### What to work on:
In the entries below, spot each line with the word "linetype" and copy it.

[Provided information Boundary: Start]

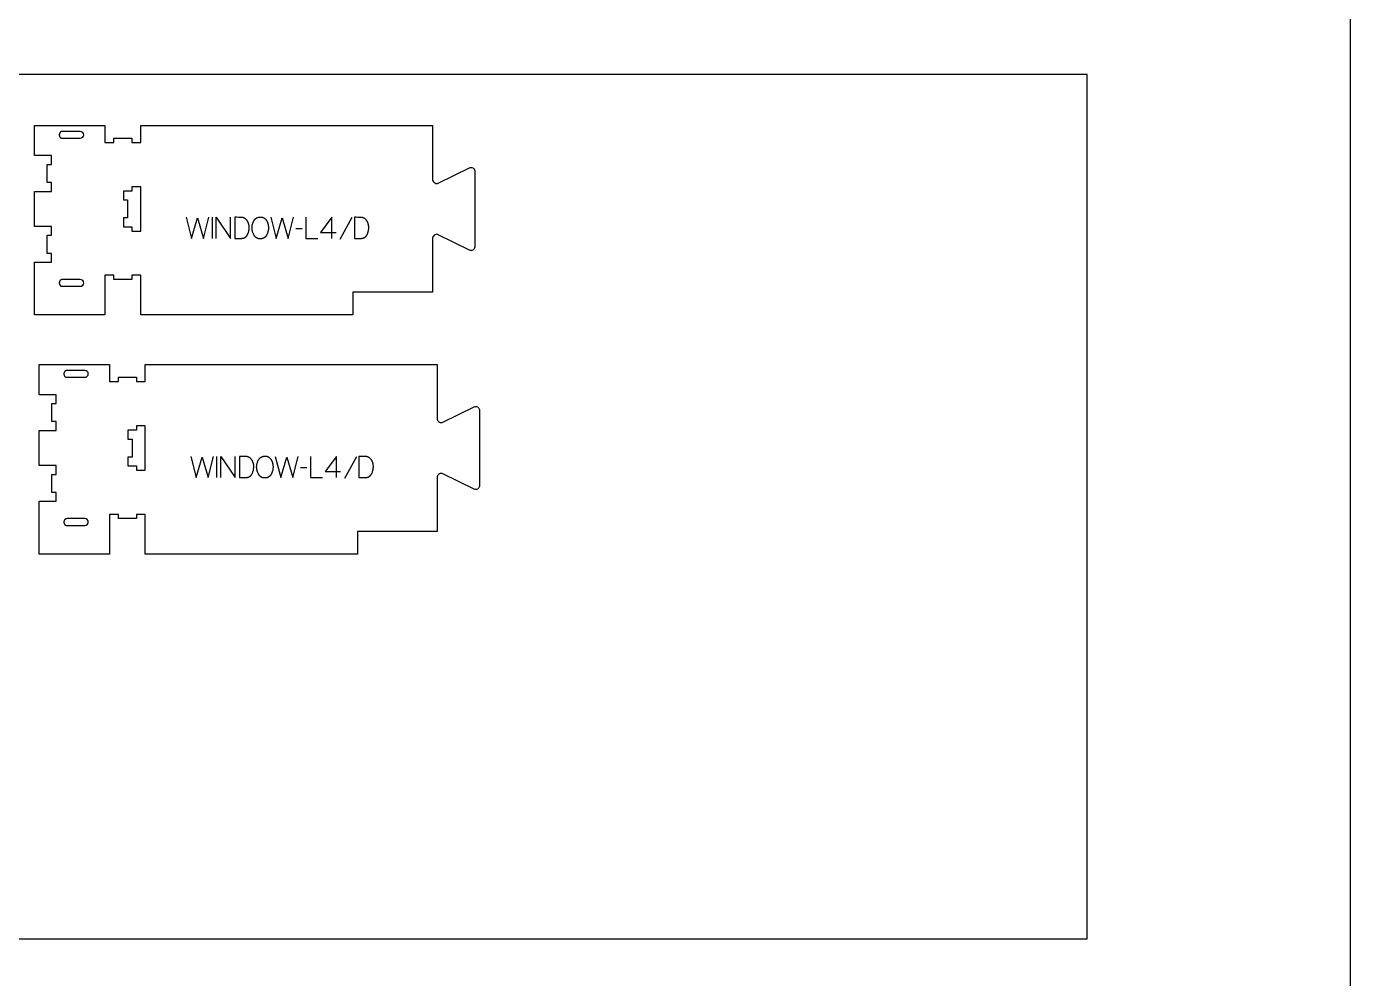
# Model space of a CAD drawing. Extents: x 0 to 4485, y 0 to 8771.
# Drawn here: x 1314 to 3183, y 2387 to 3731 of the extents above; entities that cross this region are included whole.
import ezdxf

# ---------------------------------------------------------------- set-up
doc = ezdxf.new("R2010")
doc.units = 0
for name, color, linetype in [('0_SHEET_SPRUCEPLY_2440X122', 1, 'CONTINUOUS'), ('1_ANYTOOL_1MMDEEP_LABELS_S', 2, 'CONTINUOUS'), ('3_ANYTOOL_CUTTHROUGH_INSID', 4, 'CONTINUOUS'), ('4_ANYTOOL_CUTTHROUGH_OUTSI', 5, 'CONTINUOUS'), ('DONOTCUT', 7, 'CONTINUOUS')]:
    doc.layers.add(name, color=color, linetype=linetype)

msp = doc.modelspace()

# ---------------------------------------------------------------- linework, layer by layer
at = {"layer": '0_SHEET_SPRUCEPLY_2440X122'}
msp.add_lwpolyline([(371.7, 3662.6), (371.7, 2442.6), (2811.7, 2442.6), (2811.7, 3662.6)], close=True, dxfattribs=at)
at = {"layer": '1_ANYTOOL_1MMDEEP_LABELS_S', "color": 2}
for points in [[(1539.1, 3461.2), (1546.8, 3431.2), (1555.3, 3460.3), (1563.7, 3431.2), (1571.2, 3461.2)], [(1575.6, 3461.2), (1575.6, 3431.2)], [(1581.6, 3431.2), (1581.6, 3461.2), (1601.7, 3431.2), (1601.7, 3461.2)], [(1658.5, 3461.2), (1666.2, 3431.2), (1674.7, 3460.3), (1683.1, 3431.2), (1690.6, 3461.2)], [(1708, 3461.2), (1708, 3431.2), (1725.1, 3431.2)], [(1744.9, 3431.2), (1745, 3461.3), (1729, 3439.9)], [(1773.1, 3460.8), (1756, 3430)], [(1702.9, 3445.1), (1694.1, 3445)], [(1729, 3439.9), (1750.7, 3439.9)], [(1545.6, 3123.7), (1553.3, 3093.7), (1561.8, 3122.8), (1570.2, 3093.7), (1577.7, 3123.7)], [(1582.1, 3123.7), (1582.1, 3093.7)], [(1588.1, 3093.7), (1588.1, 3123.7), (1608.2, 3093.7), (1608.2, 3123.7)], [(1665, 3123.7), (1672.7, 3093.7), (1681.2, 3122.8), (1689.6, 3093.7), (1697.1, 3123.7)], [(1714.5, 3123.7), (1714.5, 3093.7), (1731.6, 3093.7)], [(1751.4, 3093.7), (1751.5, 3123.7), (1735.5, 3102.4)], [(1779.6, 3123.2), (1762.5, 3092.5)], [(1709.4, 3107.6), (1700.6, 3107.5)], [(1735.5, 3102.4), (1757.2, 3102.4)]]:
    msp.add_lwpolyline(points, dxfattribs=at)
for points in [[(1607.7, 3461.2), (1607.7, 3431.2), (1616.2, 3431.3), (1616.7, 3431.3), (1617.1, 3431.3), (1617.5, 3431.4), (1617.8, 3431.4), (1618.2, 3431.5), (1618.6, 3431.5), (1619, 3431.6), (1619.3, 3431.7), (1619.7, 3431.7), (1620, 3431.8), (1620.3, 3431.9), (1620.7, 3432.1), (1621, 3432.2), (1621.1, 3432.3), (1621.3, 3432.3), (1621.4, 3432.4), (1621.6, 3432.5), (1621.7, 3432.5), (1621.9, 3432.6), (1622, 3432.7), (1622.2, 3432.8), (1622.3, 3432.9), (1622.4, 3432.9), (1622.6, 3433), (1622.7, 3433.1), (1622.8, 3433.2), (1623, 3433.3), (1623.1, 3433.4), (1623.2, 3433.5), (1623.3, 3433.6), (1623.5, 3433.7), (1623.6, 3433.8), (1623.7, 3433.9), (1623.8, 3434.1), (1623.9, 3434.2), (1624.1, 3434.3), (1624.2, 3434.4), (1624.3, 3434.5), (1624.4, 3434.7), (1624.5, 3434.8), (1624.6, 3434.9), (1624.7, 3435), (1624.8, 3435.2), (1624.9, 3435.3), (1625, 3435.5), (1625.2, 3435.7), (1625.3, 3436), (1625.5, 3436.3), (1625.8, 3437), (1626.1, 3437.6), (1626.4, 3438.2), (1626.6, 3438.8), (1626.9, 3439.5), (1627.1, 3440.1), (1627.3, 3440.8), (1627.5, 3441.4), (1627.6, 3442.1), (1627.7, 3442.8), (1627.9, 3443.5), (1627.9, 3444.1), (1628, 3444.8), (1628.1, 3445.5), (1628.1, 3446.2), (1628.1, 3446.9), (1628.1, 3447.5), (1628.1, 3448.1), (1628, 3448.7), (1628, 3449.3), (1627.9, 3449.8), (1627.8, 3450.1), (1627.8, 3450.4), (1627.7, 3450.7), (1627.6, 3451), (1627.6, 3451.2), (1627.5, 3451.5), (1627.4, 3451.8), (1627.3, 3452.1), (1627.2, 3452.3), (1627.1, 3452.6), (1627, 3452.9), (1626.9, 3453.2), (1626.8, 3453.4), (1626.7, 3453.7), (1626.5, 3454.2), (1626.2, 3454.7), (1625.9, 3455.2), (1625.6, 3455.7), (1625.4, 3456.1), (1625.2, 3456.3), (1625, 3456.6), (1624.8, 3456.9), (1624.6, 3457.2), (1624.4, 3457.4), (1624.2, 3457.7), (1624, 3457.9), (1623.8, 3458.2), (1623.5, 3458.4), (1623.3, 3458.6), (1623.1, 3458.8), (1622.8, 3459), (1622.6, 3459.2), (1622.4, 3459.4), (1622.1, 3459.5), (1621.9, 3459.7), (1621.6, 3459.8), (1621.4, 3460), (1621.1, 3460.1), (1620.8, 3460.2), (1620.6, 3460.3), (1620.3, 3460.4), (1620, 3460.5), (1619.7, 3460.6), (1619.5, 3460.7), (1619.2, 3460.8), (1618.9, 3460.8), (1618.6, 3460.9), (1618.3, 3460.9), (1618, 3460.9), (1617.7, 3461), (1615.3, 3461.1), (1612.8, 3461.1), (1610.3, 3461.2)], [(1644.2, 3461.6), (1644.6, 3461.6), (1644.9, 3461.6), (1645.3, 3461.5), (1645.6, 3461.5), (1645.8, 3461.5), (1646, 3461.4), (1646.1, 3461.4), (1646.3, 3461.4), (1646.5, 3461.3), (1646.6, 3461.3), (1646.8, 3461.3), (1647, 3461.2), (1647.1, 3461.2), (1647.3, 3461.1), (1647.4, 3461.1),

[Provided information Boundary: End]

### Answer to the problem:
for name, color, linetype in [('0_SHEET_SPRUCEPLY_2440X122', 1, 'CONTINUOUS'), ('1_ANYTOOL_1MMDEEP_LABELS_S', 2, 'CONTINUOUS'), ('3_ANYTOOL_CUTTHROUGH_INSID', 4, 'CONTINUOUS'), ('4_ANYTOOL_CUTTHROUGH_OUTSI', 5, 'CONTINUOUS'), ('DONOTCUT', 7, 'CONTINUOUS')]:
    doc.layers.add(name, color=color, linetype=linetype)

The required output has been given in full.